Numéro 45
Dossier
Gérer le chaos (2): la maîtrise de Sysiphe

Gérard Arcéga


Les vertus de la Maitrise médicalisée

Les syndicats médicaux, associés à quelques syndicats (CGT, FO, CGC, CFTC), semblent avoir trouvé la formule magique qui permettra une maîtrise des dépenses conviviale et unanime : La "Maîtrise médicalisée".

C'est donc cette maîtrise, qui serait la "gentille", opposée à la "méchante", la maîtrise dite "comptable", qui consiste à prélever collectivement sur tous les honoraires des médecins les dépassements de budget, y compris et surtout de prescription. Cette maîtrise là, qui à vrai dire a été réduite à l'état de simple menace par diverses péripéties politico-judiciaires, est vécue comme une injuste punition, qui sanctionne bons et mauvais éléments. On réclame donc un retour à la maîtrise "médicalisée", assortie à la rigueur de sanctions individualisées.

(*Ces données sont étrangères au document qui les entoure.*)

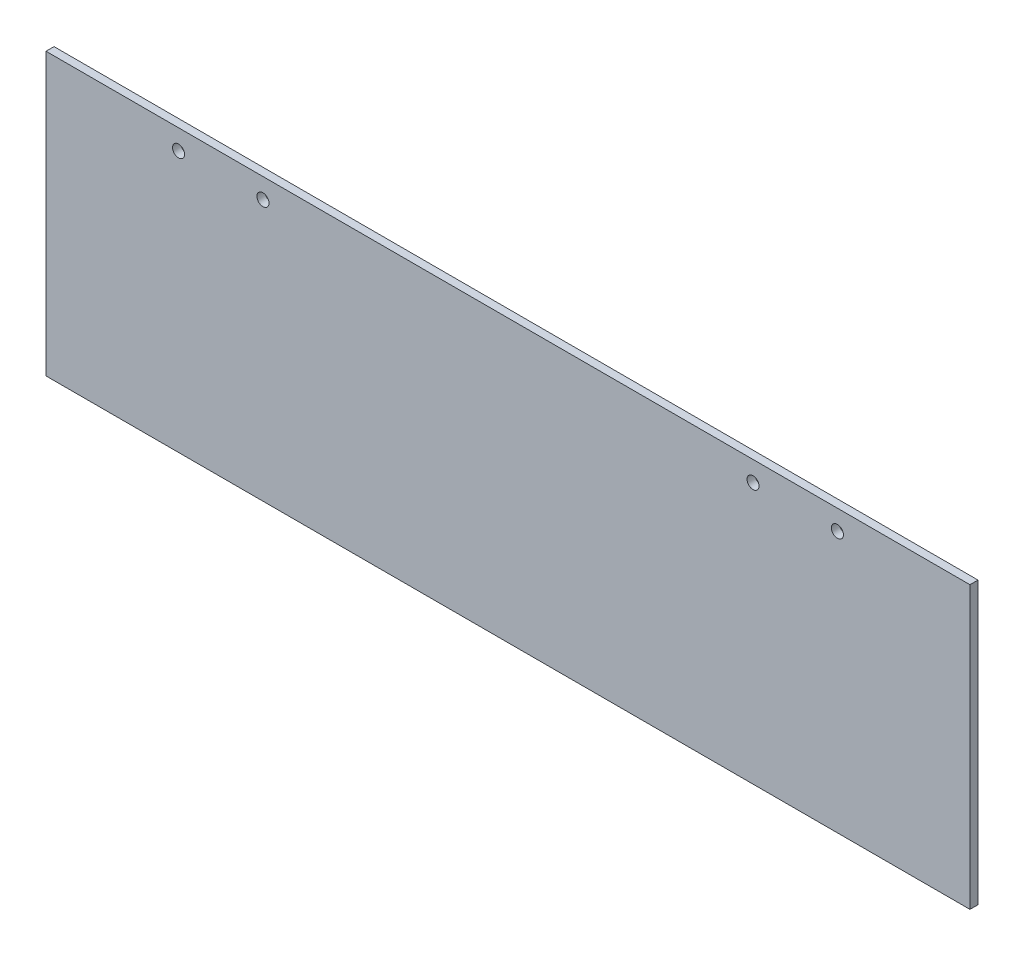
from build123d import *

# Parameters (mm, degrees)
ESQUISSE1_W        = 230
ESQUISSE1_H        = 70
ESQUISSE1_R        = 1.5
BOSS_EXTRU_1_DEPTH = 2


with BuildPart() as part:
    # Esquisse1 → Boss.-Extru.1 (new body)
    with BuildSketch(Plane.XY):
        Rectangle(ESQUISSE1_W, ESQUISSE1_H)
        with Locations((-82, 30)):
            Circle(ESQUISSE1_R, mode=Mode.SUBTRACT)
        with Locations((-61, 30)):
            Circle(ESQUISSE1_R, mode=Mode.SUBTRACT)
        with Locations((61, 30)):
            Circle(ESQUISSE1_R, mode=Mode.SUBTRACT)
        with Locations((82, 30)):
            Circle(ESQUISSE1_R, mode=Mode.SUBTRACT)
    extrude(amount=BOSS_EXTRU_1_DEPTH)


solid = part.part
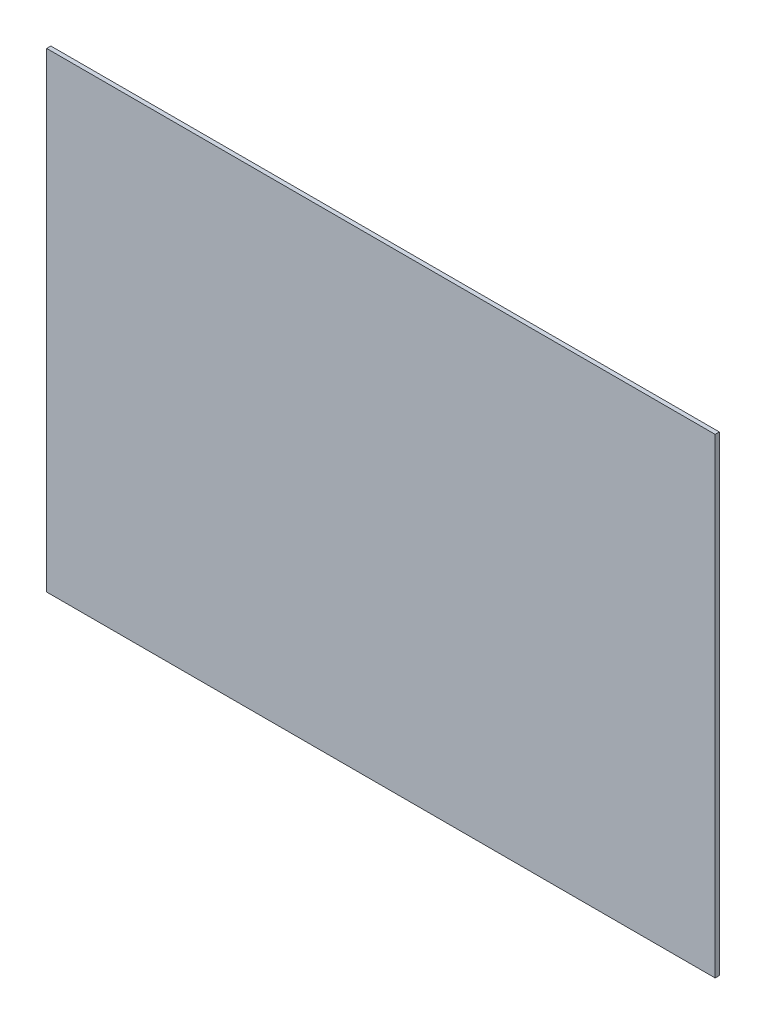
from build123d import *

# Parameters (mm, degrees)
SKETCH1_W           = 4.0524
SKETCH1_H           = 2.854
BOSS_EXTRUDE1_DEPTH = 0.0254


with BuildPart() as part:
    # Sketch1 → Boss-Extrude1 (new body)
    with BuildSketch(Plane.XY):
        Rectangle(SKETCH1_W, SKETCH1_H)
    extrude(amount=BOSS_EXTRUDE1_DEPTH)


solid = part.part
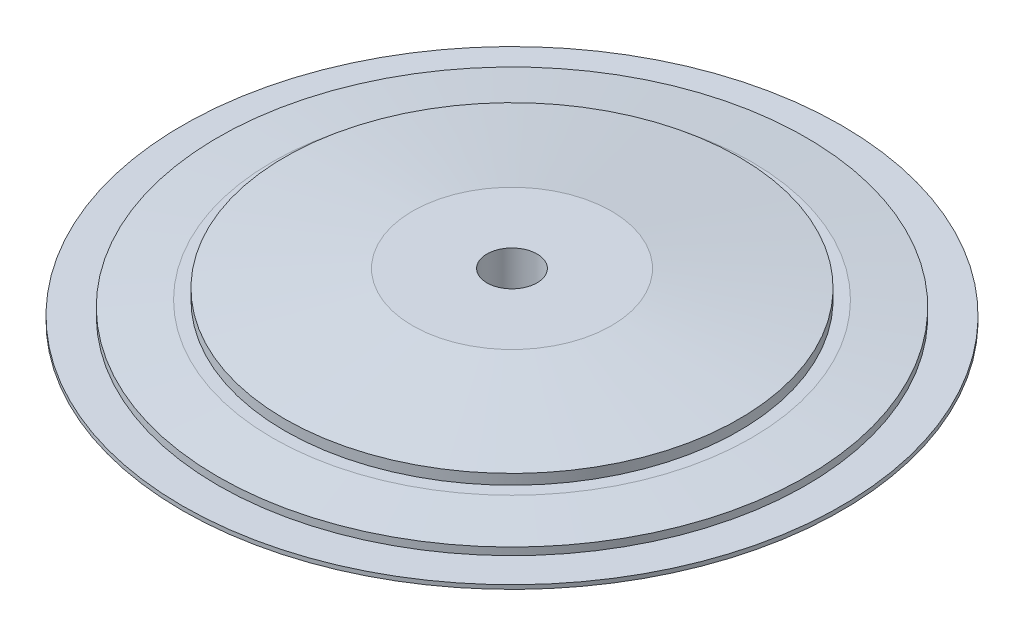
from build123d import *


with BuildPart() as part:
    # Sketch1 → Revolve1 (revolve)
    with BuildSketch(Plane.XY):
        Polygon((7.98816452, 0), (105.037977295, 0), (105.037977295, 1.300404607), (93.700113847, 1.300404607), (93.700113847, 3.678290341), (76.283697197, 5.654043612), (72.367869322, 5.654043612), (72.367869322, 8.91986549), (31.676164279, 14.337643353), (7.98816452, 14.337643353), align=None)
    revolve(axis=Axis((0, 11.676047175, 0), (0, -1, 0)))


solid = part.part

Le propos, ressassé à l'infini dans le Quotidien du médecin, s'accompagne souvent d'un codicille qui spécifie qu'il serait bon, avant de prétendre arrêter des enveloppes, "d'évaluer les besoins".

Tout cela parait à première vue frappé au coin du bon sens. Toutefois, si on creuse un peu, le vernis de la cohérence s'écaille-t-il?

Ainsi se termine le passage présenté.